(INPUT DATA begins)

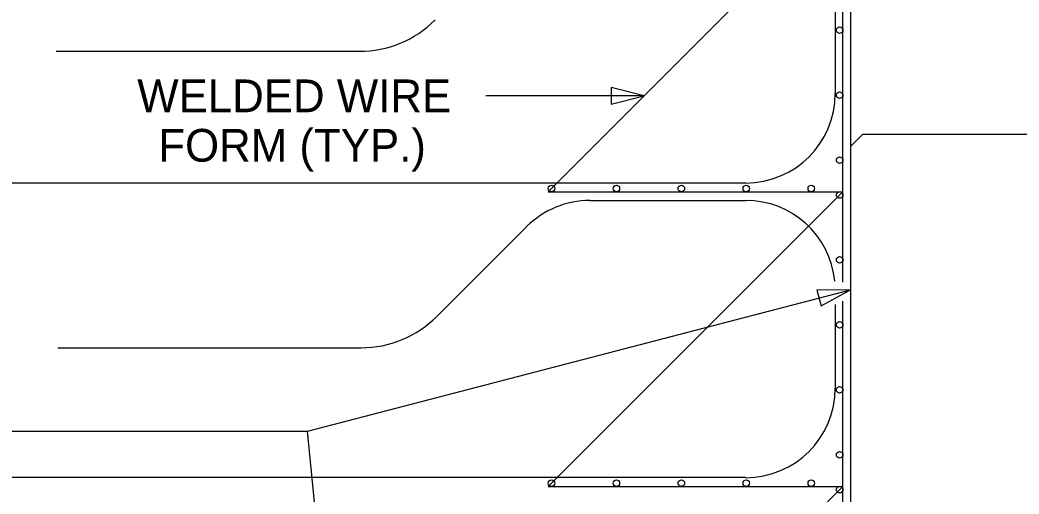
# Model space of a CAD drawing. Extents: x 6 to 176, y 6 to 103.
# Drawn here: x 99.06 to 137.19, y 34.78 to 52.88 of the extents above; entities that cross this region are included whole.
import ezdxf

# ---------------------------------------------------------------- set-up
doc = ezdxf.new("R2010")
doc.units = 0
for name, color, linetype in [('Arrowhead Terminators CELL', 7, 'Continuous'), ('Mis Object Lines', 7, 'Continuous'), ('Rebar Lines CELL', 7, 'Continuous'), ('Structural Steel Lines', 7, 'Continuous'), ('Sup Concrete Girder Lines', 7, 'Continuous'), ('Text', 7, 'Continuous'), ('User Information Notes', 7, 'Continuous')]:
    doc.layers.add(name, color=color, linetype=linetype)

msp = doc.modelspace()

# ---------------------------------------------------------------- linework, layer by layer
at = {"layer": 'Arrowhead Terminators CELL'}
msp.add_line((131.231, 48.517), (152.795, 48.517), dxfattribs=at)
at = {"layer": 'Mis Object Lines'}
for points in [[(122.88, 49.982), (121.63, 50.295), (121.63, 49.67)], [(130.763, 42.578), (129.475, 42.565), (129.632, 41.96)]]:
    msp.add_lwpolyline(points, close=True, dxfattribs=at)
at = {"layer": 'Rebar Lines CELL'}
for p, q in [((130.469, 57.571), (119.219, 46.321)), ((130.469, 46.321), (119.219, 35.071)), ((130.469, 35.071), (119.219, 23.821))]:
    msp.add_line(p, q, dxfattribs=at)
for points in [[(119.219, 46.321), (130.469, 46.321), (130.469, 57.571)], [(130.469, 42.867), (130.469, 46.321)], [(119.219, 35.071), (130.469, 35.071), (130.469, 42.142)], [(119.219, 23.821), (130.469, 23.821), (130.469, 35.071)]]:
    msp.add_lwpolyline(points, dxfattribs=at)
for centre in [(130.344, 52.488), (130.344, 50.008), (130.344, 47.529), (119.344, 46.446), (121.823, 46.446), (124.302, 46.446), (126.781, 46.446), (129.261, 46.446), (130.344, 46.196), (130.344, 43.717), (130.344, 41.238), (130.344, 38.758), (130.344, 36.279), (119.344, 35.196), (121.823, 35.196), (124.302, 35.196), (126.781, 35.196), (129.261, 35.196), (130.344, 34.946)]:
    msp.add_circle(centre, 0.125, dxfattribs=at)
at = {"layer": 'Structural Steel Lines'}
for points in [[(122.88, 49.982), (116.846, 49.982)], [(97.697, 37.177), (110.034, 37.177), (130.763, 42.578)], [(111.394, 23.352), (110.034, 37.177)]]:
    msp.add_lwpolyline(points, dxfattribs=at)
at = {"layer": 'Sup Concrete Girder Lines'}
for p, q in [((130.177, 53.821), (130.177, 50.071)), ((100.441, 51.682), (112.013, 51.682)), ((104.634, 46.654), (54.445, 46.654)), ((126.76, 46.654), (104.634, 46.654)), ((120.814, 45.988), (126.76, 45.988)), ((114.97, 41.559), (118.398, 44.987)), ((130.177, 42.011), (130.177, 38.821)), ((100.51, 40.363), (112.082, 40.363)), ((126.76, 35.405), (73.751, 35.405))]:
    msp.add_line(p, q, dxfattribs=at)
for centre, radius, start, end in [((112.013, 55.765), 4.083, 270, 315.0094), ((126.76, 50.071), 3.417, 270, 360), ((120.814, 42.571), 3.417, 90, 135), ((126.76, 42.571), 3.417, 5.6586, 90), ((112.082, 44.446), 4.083, 270, 315.0094), ((126.76, 38.821), 3.417, 270, 360)]:
    msp.add_arc(centre, radius, start, end, dxfattribs=at)
at = {"layer": 'Text'}
for p, q in [((130.763, 74.859), (130.763, 22.156)), ((131.231, 48.517), (130.763, 48.049))]:
    msp.add_line(p, q, dxfattribs=at)

# ---------------------------------------------------------------- texts
at = {"layer": 'User Information Notes'}
for s, p in [('WELDED WIRE', (103.537, 49.357)), ('FORM (TYP.)', (104.34, 47.468))]:
    msp.add_text(s, height=1.25, dxfattribs=at).set_placement(p)

doc.saveas('drawing.dxf')

(INPUT DATA ends)

:: YOUR TASK ::
Go through the data above and copy each line in which "start" appears.

:: YOUR RESPONSE ::
for centre, radius, start, end in [((112.013, 55.765), 4.083, 270, 315.0094), ((126.76, 50.071), 3.417, 270, 360), ((120.814, 42.571), 3.417, 90, 135), ((126.76, 42.571), 3.417, 5.6586, 90), ((112.082, 44.446), 4.083, 270, 315.0094), ((126.76, 38.821), 3.417, 270, 360)]:
    msp.add_arc(centre, radius, start, end, dxfattribs=at)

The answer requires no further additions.